According to the American Cancer Society, kidney cancer is among the top ten most common cancers in men and women, and clear cell renal cell carcinoma (ccRCC) – the most common subtype of tumor associated with kidney cancer – accounts for more than 75 percent of cases.
McGowan Institute for Regenerative Medicine affiliated faculty members will serve as co-investigators on a $603,807 award from the Department of Defense to identify novel regulators that can potentially target ccRCC progression. The collaborators are Partha Roy, PhD, Associate Professor of Bioengineering, Cell Biology, and Pathology at the University of Pittsburgh, and Michael Lotze, MD, Professor of Surgery and Bioengineering, University of Pittsburgh; Vice Chair of Research, Department of Surgery, University of Pittsburgh School of Medicine; and Assistant Vice Chancellor Sponsored Training Grants, University of Pittsburgh Schools of the Health Sciences.
“The five-year survival of patients with advanced ccRCC is still only 10 percent,” said Dr. Roy. “A distinguishing hallmark of ccRCC is the highly vascular (angiogenic) tumor microenvironment due to genetic loss of VHL, a major negative regulator of angiogenesis – the process in which a network of blood vessels is developed.”
Through this network of blood vessels, oxygen and nutrients can be supplied to the tumor microenvironment, allowing it to grow and spread.

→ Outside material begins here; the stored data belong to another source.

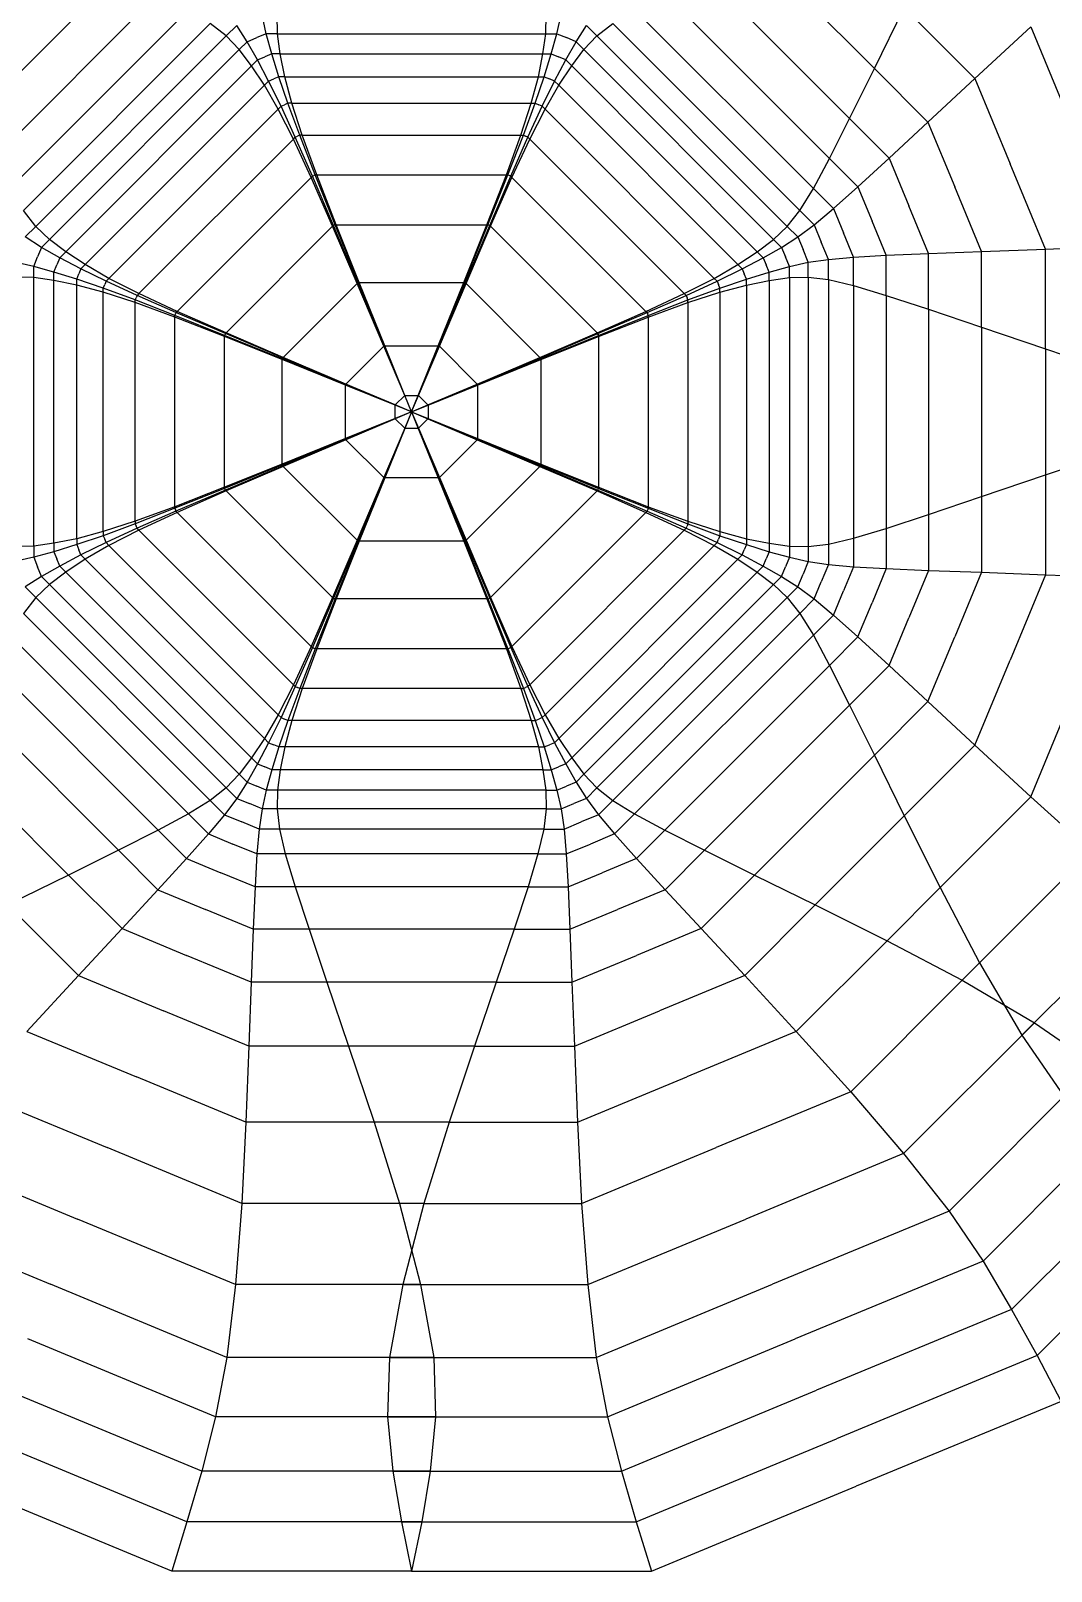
# Model space of a CAD drawing. Extents: x -1525 to 1525, y -1525 to 1545.
# Drawn here: x -501 to 842, y -1525 to 501 of the extents above; entities that cross this region are included whole.
import ezdxf

# ---------------------------------------------------------------- set-up
doc = ezdxf.new("R2010")
doc.units = 0

msp = doc.modelspace()

# ---------------------------------------------------------------- linework, layer by layer
at = {"layer": 'CutLine', "color": 250, "linetype": 'CONTINUOUS'}
for p, q in [((855.2, -1302), (585.6, -1413.7)), ((-315.9, -1525.4), (-585.6, -1413.7)), ((315.9, -1525.4), (585.6, -1413.7)), ((0, -1525.4), (-315.9, -1525.4)), ((0, -1525.4), (0, -1525.4)), ((0, -1525.4), (315.9, -1525.4))]:
    msp.add_line(p, q, dxfattribs=at)
at = {"layer": 'MountainLine', "color": 1, "linetype": 'CONTINUOUS'}
for p, q in [((451.7, 609.4), (609.4, 451.7)), ((-576.8, 385.9), (-385.9, 576.8)), ((385.9, 576.8), (576.8, 385.9)), ((-550.3, 333.5), (-333.5, 550.3)), ((333.5, 550.3), (550.3, 333.5)), ((-529, 293.7), (-293.7, 529)), ((293.7, 529), (529, 293.7)), ((648.8, 531.5), (741.7, 438.6)), ((-511.2, 265.1), (-265.1, 511.2)), ((-216.5, 487.1), (-230.2, 508.6)), ((-191.3, 497.6), (-196.8, 522.4)), ((191.3, 497.6), (196.8, 522.4)), ((216.5, 487.1), (230.2, 508.6)), ((265.1, 511.2), (511.2, 265.1)), ((-494.7, 244.1), (-244.1, 494.7)), ((-216.5, 487.1), (-203.9, 492.4)), ((-202.9, 463.1), (-216.5, 487.1)), ((-191.3, 497.6), (-203.9, 492.4)), ((-184, 470.9), (-191.3, 497.6)), ((-176.6, 497.6), (176.6, 497.6)), ((184, 470.9), (191.3, 497.6)), ((191.3, 497.6), (203.9, 492.4)), ((202.9, 463.1), (216.5, 487.1)), ((216.5, 487.1), (203.9, 492.4)), ((244.1, 494.7), (494.7, 244.1)), ((741.7, 438.6), (815.2, 506.6)), ((-476.7, 227), (-227, 476.7)), ((-202.9, 463.1), (-193.4, 467)), ((-184, 470.9), (-193.4, 467)), ((-174.7, 440.9), (-184, 470.9)), ((-172.9, 470.9), (172.9, 470.9)), ((174.7, 440.9), (184, 470.9)), ((184, 470.9), (193.4, 467)), ((202.9, 463.1), (193.4, 467)), ((227, 476.7), (476.7, 227)), ((-455.2, 210.8), (-210.8, 455.2)), ((-188.2, 435.3), (-202.9, 463.1)), ((188.2, 435.3), (202.9, 463.1)), ((210.8, 455.2), (455.2, 210.8)), ((-429.7, 193.7), (-193.7, 429.7)), ((-188.2, 435.3), (-181.5, 438.1)), ((-171.9, 402.2), (-188.2, 435.3)), ((-174.7, 440.9), (-181.5, 438.1)), ((-162.9, 406), (-174.7, 440.9)), ((-166.9, 440.9), (166.9, 440.9)), ((162.9, 406), (174.7, 440.9)), ((171.9, 402.2), (188.2, 435.3)), ((174.7, 440.9), (181.5, 438.1)), ((188.2, 435.3), (181.5, 438.1)), ((193.7, 429.7), (429.7, 193.7)), ((679.8, 381.2), (741.7, 438.6)), ((-162.9, 406), (-167.4, 404.1)), ((-147.3, 363.9), (-162.9, 406)), ((-157.5, 406), (157.5, 406)), ((147.3, 363.9), (162.9, 406)), ((162.9, 406), (167.4, 404.1)), ((-398.5, 175.7), (-175.7, 398.5)), ((-171.9, 402.2), (-167.4, 404.1)), ((-153.2, 361.5), (-171.9, 402.2)), ((153.2, 361.5), (171.9, 402.2)), ((171.9, 402.2), (167.4, 404.1)), ((175.7, 398.5), (398.5, 175.7)), ((628.8, 333.9), (679.8, 381.2)), ((679.8, 381.2), (715.1, 296.2)), ((-359, 155.6), (-155.6, 359)), ((-153.2, 361.5), (-150.2, 362.7)), ((-130.6, 310.2), (-153.2, 361.5)), ((-147.3, 363.9), (-150.2, 362.7)), ((-126.9, 311.7), (-147.3, 363.9)), ((-143.9, 363.9), (143.9, 363.9)), ((126.9, 311.7), (147.3, 363.9)), ((130.6, 310.2), (153.2, 361.5)), ((147.3, 363.9), (150.2, 362.7)), ((153.2, 361.5), (150.2, 362.7)), ((155.6, 359), (359, 155.6)), ((587.6, 296.2), (628.8, 333.9)), ((628.8, 333.9), (654.7, 271.2)), ((-308.6, 132.2), (-132.2, 308.6)), ((-130.6, 310.2), (-128.8, 310.9)), ((-103, 245.2), (-130.6, 310.2)), ((-126.9, 311.7), (-128.8, 310.9)), ((-100.6, 246.2), (-126.9, 311.7)), ((-124.8, 311.7), (124.8, 311.7)), ((100.6, 246.2), (126.9, 311.7)), ((103, 245.2), (130.6, 310.2)), ((126.9, 311.7), (128.8, 310.9)), ((130.6, 310.2), (128.8, 310.9)), ((132.2, 308.6), (308.6, 132.2)), ((555.4, 267.4), (587.6, 296.2)), ((587.6, 296.2), (606.3, 251.1)), ((750.3, 211.1), (715.1, 296.2)), ((530.1, 246.2), (555.4, 267.4)), ((555.4, 267.4), (568.6, 235.5)), ((680.7, 208.5), (654.7, 271.2)), ((-244.3, 104), (-104, 244.3)), ((-103, 245.2), (-101.8, 245.7)), ((-71.1, 169.6), (-103, 245.2)), ((-100.6, 246.2), (-101.8, 245.7)), ((-69.7, 170.2), (-100.6, 246.2)), ((-99.2, 246.2), (99.2, 246.2)), ((69.7, 170.2), (100.6, 246.2)), ((71.1, 169.6), (103, 245.2)), ((100.6, 246.2), (101.8, 245.7)), ((103, 245.2), (101.8, 245.7)), ((104, 244.3), (244.3, 104)), ((508.6, 230.2), (530.1, 246.2)), ((530.1, 246.2), (539.5, 223.5)), ((625, 206.1), (606.3, 251.1)), ((-487.1, 216.5), (-508.6, 230.2)), ((487.1, 216.5), (508.6, 230.2)), ((508.6, 230.2), (515.5, 213.5)), ((548.9, 200.7), (539.5, 223.5)), ((581.7, 203.7), (568.6, 235.5)), ((-497.6, 191.3), (-492.4, 203.9)), ((-487.1, 216.5), (-492.4, 203.9)), ((-463.1, 202.9), (-487.1, 216.5)), ((-463.1, 202.9), (-467, 193.4)), ((-435.3, 188.2), (-463.1, 202.9)), ((435.3, 188.2), (463.1, 202.9)), ((463.1, 202.9), (487.1, 216.5)), ((463.1, 202.9), (467, 193.4)), ((487.1, 216.5), (492.4, 203.9)), ((497.6, 191.3), (492.4, 203.9)), ((522.4, 196.8), (515.5, 213.5)), ((548.9, 200.7), (581.7, 203.7)), ((581.7, 203.7), (625, 206.1)), ((625, 206.1), (680.7, 208.5)), ((680.7, 208.5), (750.3, 211.1)), ((750.3, 211.1), (834.6, 214.3)), ((834.6, 214.3), (934.7, 218.3)), ((834.6, 82.9), (834.6, 214.3)), ((-497.6, 191.3), (-522.4, 196.8)), ((-470.9, 184), (-497.6, 191.3)), ((-470.9, 184), (-467, 193.4)), ((-440.9, 174.7), (-470.9, 184)), ((-435.3, 188.2), (-438.1, 181.5)), ((-402.2, 171.9), (-435.3, 188.2)), ((402.2, 171.9), (435.3, 188.2)), ((435.3, 188.2), (438.1, 181.5)), ((440.9, 174.7), (470.9, 184)), ((470.9, 184), (467, 193.4)), ((470.9, 184), (497.6, 191.3)), ((497.6, 191.3), (522.4, 196.8)), ((522.4, 196.8), (548.9, 200.7)), ((-497.6, -176.6), (-497.6, 176.6)), ((-470.9, -172.9), (-470.9, 172.9)), ((-440.9, 174.7), (-438.1, 181.5)), ((-406, 162.9), (-440.9, 174.7)), ((-440.9, -166.9), (-440.9, 166.9)), ((-406, 162.9), (-404.1, 167.4)), ((-363.9, 147.3), (-406, 162.9)), ((-402.2, 171.9), (-404.1, 167.4)), ((-361.5, 153.2), (-402.2, 171.9)), ((-169, 71.7), (-71.7, 169)), ((-71.1, 169.6), (-70.4, 169.9)), ((-36.3, 86.7), (-71.1, 169.6)), ((-69.7, 170.2), (-70.4, 169.9)), ((-35.6, 86.9), (-69.7, 170.2)), ((-68.8, 170.2), (68.8, 170.2)), ((35.6, 86.9), (69.7, 170.2)), ((36.3, 86.7), (71.1, 169.6)), ((69.7, 170.2), (70.4, 169.9)), ((71.1, 169.6), (70.4, 169.9)), ((71.7, 169), (169, 71.7)), ((361.5, 153.2), (402.2, 171.9)), ((363.9, 147.3), (406, 162.9)), ((402.2, 171.9), (404.1, 167.4)), ((406, 162.9), (404.1, 167.4)), ((406, 162.9), (440.9, 174.7)), ((440.9, 174.7), (438.1, 181.5)), ((440.9, 166.9), (440.9, -166.9)), ((470.9, 172.9), (470.9, -172.9)), ((497.6, 176.6), (497.6, -176.6)), ((522.4, 177.2), (522.4, -177.2)), ((548.9, 174.1), (548.9, -174.1)), ((581.7, 166.3), (581.7, -166.3)), ((-406, -157.5), (-406, 157.5)), ((-363.9, 147.3), (-362.7, 150.2)), ((-311.7, 126.9), (-363.9, 147.3)), ((-363.9, -143.9), (-363.9, 143.9)), ((-361.5, 153.2), (-362.7, 150.2)), ((-310.2, 130.6), (-361.5, 153.2)), ((310.2, 130.6), (361.5, 153.2)), ((311.7, 126.9), (363.9, 147.3)), ((361.5, 153.2), (362.7, 150.2)), ((363.9, 147.3), (362.7, 150.2)), ((363.9, 143.9), (363.9, -143.9)), ((406, 157.5), (406, -157.5)), ((625, 153.3), (625, -153.3)), ((-311.7, 126.9), (-310.9, 128.8)), ((-246.2, 100.6), (-311.7, 126.9)), ((-311.7, -124.8), (-311.7, 124.8)), ((-310.2, 130.6), (-310.9, 128.8)), ((-245.2, 103), (-310.2, 130.6)), ((245.2, 103), (310.2, 130.6)), ((246.2, 100.6), (311.7, 126.9)), ((310.2, 130.6), (310.9, 128.8)), ((311.7, 126.9), (310.9, 128.8)), ((311.7, 124.8), (311.7, -124.8)), ((680.7, 135), (680.7, -135)), ((-246.2, 100.6), (-245.7, 101.8)), ((-245.2, 103), (-245.7, 101.8)), ((-169.6, 71.1), (-245.2, 103)), ((169.6, 71.1), (245.2, 103)), ((245.2, 103), (245.7, 101.8)), ((246.2, 100.6), (245.7, 101.8)), ((750.3, 111.5), (750.3, -111.5)), ((-170.2, 69.7), (-246.2, 100.6)), ((-246.2, -99.2), (-246.2, 99.2)), ((-86.4, 36.6), (-36.6, 86.4)), ((-36.3, 86.7), (-36, 86.8)), ((-9.1, 21.7), (-36.3, 86.7)), ((-35.6, 86.9), (-36, 86.8)), ((-8.9, 21.7), (-35.6, 86.9)), ((-35.2, 86.9), (35.2, 86.9)), ((8.9, 21.7), (35.6, 86.9)), ((9.1, 21.7), (36.3, 86.7)), ((35.6, 86.9), (36, 86.8)), ((36.3, 86.7), (36, 86.8)), ((36.6, 86.4), (86.4, 36.6)), ((170.2, 69.7), (246.2, 100.6)), ((246.2, 99.2), (246.2, -99.2)), ((-170.2, 69.7), (-169.9, 70.4)), ((-86.9, 35.6), (-170.2, 69.7)), ((-170.2, -68.8), (-170.2, 68.8)), ((-169.6, 71.1), (-169.9, 70.4)), ((-86.7, 36.3), (-169.6, 71.1)), ((86.7, 36.3), (169.6, 71.1)), ((86.9, 35.6), (170.2, 69.7)), ((169.6, 71.1), (169.9, 70.4)), ((170.2, 69.7), (169.9, 70.4)), ((170.2, 68.8), (170.2, -68.8)), ((-86.9, 35.6), (-86.8, 36)), ((-21.7, 8.9), (-86.9, 35.6)), ((-86.9, -35.2), (-86.9, 35.2)), ((-86.7, 36.3), (-86.8, 36)), ((-21.7, 9.1), (-86.7, 36.3)), ((-21.6, 9.1), (-9.1, 21.6)), ((0, 0), (-9.1, 21.7)), ((-9.1, 21.7), (-9, 21.7)), ((-8.9, 21.7), (-9, 21.7)), ((0, 0), (-8.9, 21.7)), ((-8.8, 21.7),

“The tumor microenvironment is a collection of cells, molecules, and blood vessels that surround a tumor,” explained Dr. Roy, “and studying the close relationship and interactions between the tumor and its microenvironment may help researchers better understand the growth and development of cancer.
“Given my lab’s research interests in angiogenesis and cancer, we would like to identify novel regulators of tumor blood vessel formation in the kidney that contribute to disease progression when dysregulated and therefore, be potentially targeted to slow down tumor progression.”
Dr. Roy directs the Cell Migration Laboratory in the Swanson School of Engineering, where they have developed a better understanding of the role of actin-binding protein profilin1 (Pfn1) in physiological and pathological processes and want to examine its role in kidney cancer.
“With clear evidence of a clinical association between high Pfn1 level and poor disease outcome in ccRCC, we plan to use this study to determine whether Pfn1 contributes to ccRCC progression and investigate whether Pfn1 inhibition by novel small molecules is an effective strategy to control the tumor microenvironment and slow down the progression of RCC.”
The underlying hypothesis of this study is that Pfn1 stimulates tumor angiogenesis and limits the immune responses that otherwise would help slow cancer progression. In the first part of the study, the group will address whether Pfn1 dysregulation in vascular cells effects the tumor microenvironment and ccRCC progression. They will also determine if Pfn1 expression has any correlation with the responsiveness of ccRCC patients to immunotherapy.
In the second part of the study, they will determine if novel investigative compounds targeting Pfn1 function can be used to suppress tumor angiogenesis, improve immune response, and inhibit ccRCC progression.
“The results of this study could establish Pfn1 as a novel regulator of ccRCC progression and a biomarker for predicting the therapeutic response of ccRCC patients,” said Dr. Roy. “This could pave the way for future development of improved classes of Pfn1 inhibitor as a possible novel therapeutic direction that might benefit patients who are resistant to standard VEGF-targeted anti-angiogenic therapy.”
Illustration: Renal microvasculature in wild-type (top) vs conditional profilin1 knockout (bottom) mice showing profilin1-dependency for blood vessel generation in the kidney (courtesy: Roy lab).